* [YOUR INSTRUCTIONS] In the listing below, locate the lines that hold the string "Ethernet". Copy those lines.
-----
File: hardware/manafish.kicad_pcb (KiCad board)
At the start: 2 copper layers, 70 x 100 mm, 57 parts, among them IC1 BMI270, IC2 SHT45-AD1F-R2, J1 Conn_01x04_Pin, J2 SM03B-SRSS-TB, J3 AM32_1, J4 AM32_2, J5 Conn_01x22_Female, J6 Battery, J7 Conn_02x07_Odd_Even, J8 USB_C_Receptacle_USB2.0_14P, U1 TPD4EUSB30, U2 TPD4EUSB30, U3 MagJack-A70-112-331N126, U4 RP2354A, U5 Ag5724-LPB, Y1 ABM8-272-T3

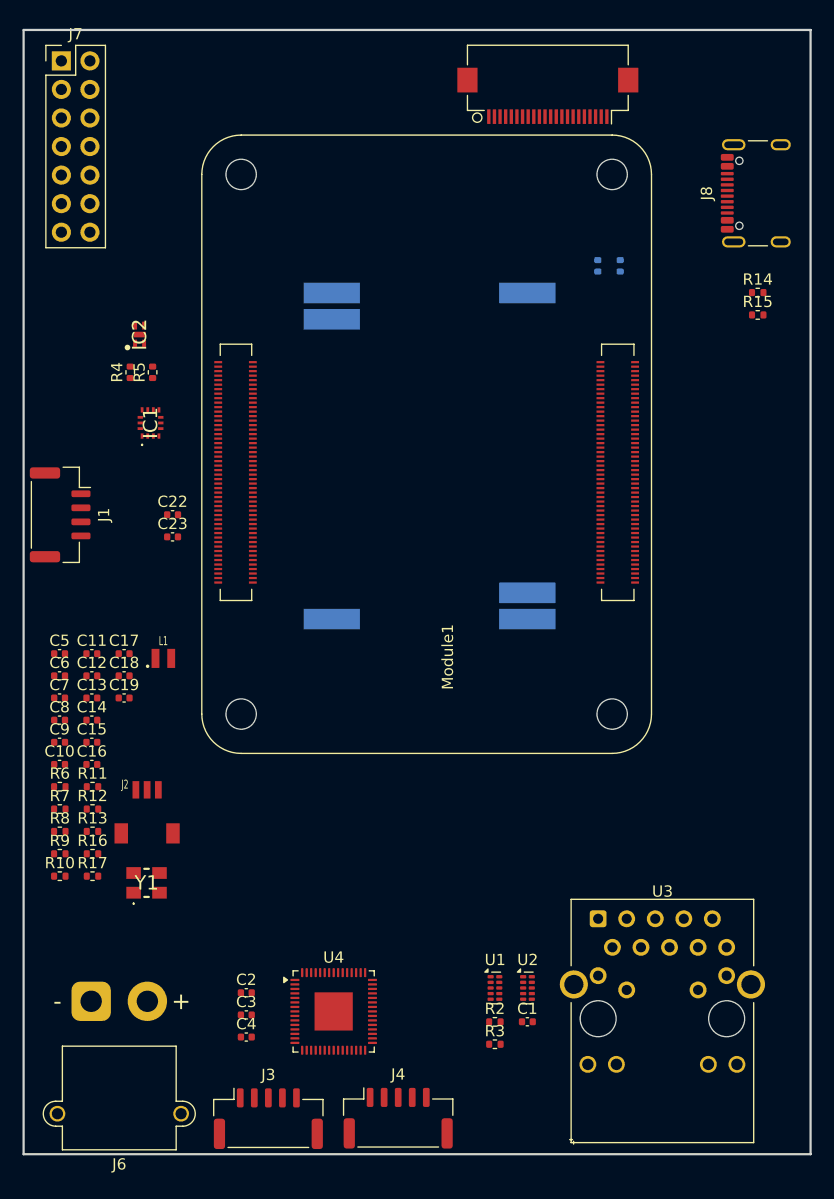
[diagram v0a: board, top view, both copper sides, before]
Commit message: Add PoE circuit
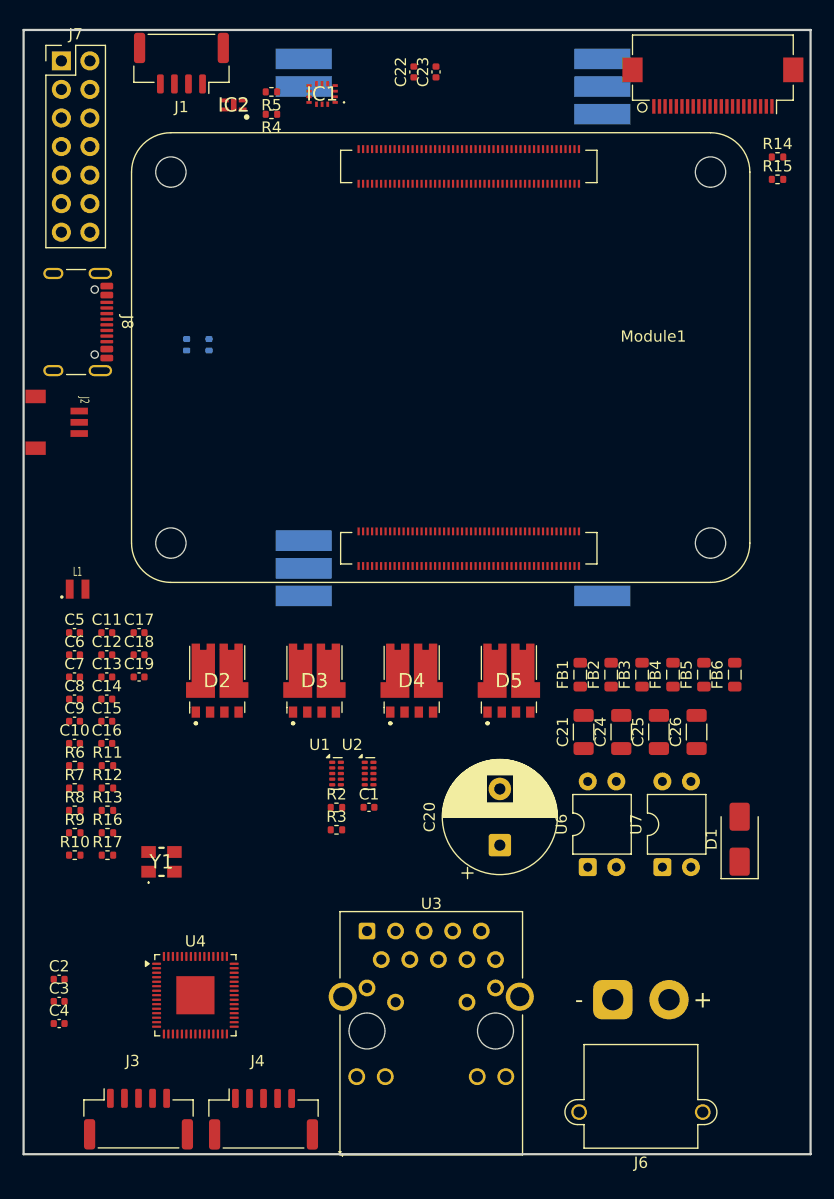
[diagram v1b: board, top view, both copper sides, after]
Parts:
- added C20: 470uF 25V, Capacitor_THT:CP_Radial_D10.0mm_P5.00mm, F.Cu at (129.5, 121.0)
- added C21: 4.7nF 2kV, Capacitor_SMD:C_1206_3216Metric, F.Cu at (137.0, 110.9)
- added C24: 4.7nF 2kV, Capacitor_SMD:C_1206_3216Metric, F.Cu at (140.3, 110.9)
- added C25: 100nF 25V, Capacitor_SMD:C_1206_3216Metric, F.Cu at (143.7, 110.9)
- added C26: 10uF 25V, Capacitor_SMD:C_1206_3216Metric, F.Cu at (147.0, 110.9)
- added D1: SMAJ58A, Diode_SMD:D_SMA, F.Cu at (150.8, 120.4)
- added D2: V6K100DUHM3_H, V6K100DUHM3:V6K100DUHM3H, F.Cu at (104.4, 106.2)
- added D3: V6K100DUHM3_H, V6K100DUHM3:V6K100DUHM3H, F.Cu at (113.0, 106.2)
- added D4: V6K100DUHM3_H, V6K100DUHM3:V6K100DUHM3H, F.Cu at (121.7, 106.2)
- added D5: V6K100DUHM3_H, V6K100DUHM3:V6K100DUHM3H, F.Cu at (130.3, 106.2)
- added FB1: 1kR 1.5A, Inductor_SMD:L_0805_2012Metric, F.Cu at (136.7, 105.8)
- added FB2: 1kR 1.5A, Inductor_SMD:L_0805_2012Metric, F.Cu at (139.4, 105.8)
- added FB3: 1kR 1.5A, Inductor_SMD:L_0805_2012Metric, F.Cu at (142.2, 105.8)
- added FB4: 1kR 1.5A, Inductor_SMD:L_0805_2012Metric, F.Cu at (144.9, 105.8)
- added FB5: 1kR 1.5A, Inductor_SMD:L_0805_2012Metric, F.Cu at (147.7, 105.8)
- added FB6: 1kR 1.5A, Inductor_SMD:L_0805_2012Metric, F.Cu at (150.4, 105.8)
- added U6: PC817, Package_DIP:DIP-4_W7.62mm, F.Cu at (137.3, 122.9)
- added U7: PC817, Package_DIP:DIP-4_W7.62mm, F.Cu at (144.0, 122.9)
- U5: value Ag5724-LPB -> Ag59824-LPB; footprint Silvertel:Silvertel_Ag5700-LPB -> Silvertel:Silvertel_Ag59800-LPB
- moved J8 63.6 mm to (90.9, 74.4), turned to -90 degrees
- moved C23 47.5 mm to (123.8, 52.2), turned to 90 degrees
- moved J6 46.4 mm to (139.6, 134.7)
- moved C22 44.9 mm to (121.9, 52.2), turned to 90 degrees
- moved Module1 44.4 mm to (148.2, 94.1), turned to 90 degrees
- moved J1 41.6 mm to (101.2, 51.4), turned to 180 degrees
- moved J2 38.7 mm to (87.5, 83.3), turned to -90 degrees
- moved R19 37.2 mm to (103.6, 76.5)
- moved R18 37.2 mm to (101.7, 76.5)
- moved IC1 33.0 mm to (113.7, 54.1), turned to 180 degrees
- moved R5 27.1 mm to (109.2, 54.0), turned to 180 degrees
- moved R4 26.2 mm to (109.2, 56.0), turned to 180 degrees
- moved R2 23.7 mm to (115.0, 117.6)
- moved C1 23.7 mm to (117.9, 117.6)
- moved U2 23.7 mm to (117.9, 114.6)
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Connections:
- Module1 pad 30: unconnected-(Module1A-GPIO6-Pad30) -> /Power Management/POE_TYP2_DET
- Module1 pad 31: unconnected-(Module1A-GPIO12-Pad31) -> /Power Management/POE_TYP3_DET
- U3 pad 11: /Ethernet/TR0_TAP -> /Ethernet/VC1
- U3 pad 12: /Ethernet/TR1_TAP -> /Ethernet/VC2
- U3 pad 13: /Ethernet/TR2_TAP -> /Ethernet/VC3
- U3 pad 14: /Ethernet/TR3_TAP -> /Ethernet/VC4
- U5 pad 1: unconnected-(U5-+VDC-Pad1) -> Net-(U5-VIN-)
- U5 pad 2: unconnected-(U5--VDC-Pad2) -> Net-(U5-TYP3-DET)
- U5 pad 3: unconnected-(U5-ADJ-Pad3) -> Net-(U5-TYP2-DET)
- U5 pad 4: unconnected-(U5-VIN+-Pad4) -> /Power Management/24V
- U5 pad 5: unconnected-(U5-TYP2-DET-Pad5) -> /Power Management/24V
- U5 pad 6: unconnected-(U5-VIN--Pad6) -> GND

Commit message: Finished power management circuit
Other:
- board text added: "Note: Rohrdurchmesser: 74,5mm Max. PCB Länge: 110mm"
- board text removed: "Note: Rohrdurchmesser: 74,5mm Max. PCB Länge: 105mm"
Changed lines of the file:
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@@
 		(layer "Edge.Cuts")
 	)
-	(gr_text "Note: Rohrdurchmesser: 74,5mm\n      Max. PCB Länge: 105mm"
+	(gr_text "Note: Rohrdurchmesser: 74,5mm\n      Max. PCB Länge: 110mm"
 		(at 14.675 19.425 0)
 		(layer "Cmts.User")
-----
* [ANSWER SPACE]
- U3 pad 11: /Ethernet/TR0_TAP -> /Ethernet/VC1
- U3 pad 12: /Ethernet/TR1_TAP -> /Ethernet/VC2
- U3 pad 13: /Ethernet/TR2_TAP -> /Ethernet/VC3
- U3 pad 14: /Ethernet/TR3_TAP -> /Ethernet/VC4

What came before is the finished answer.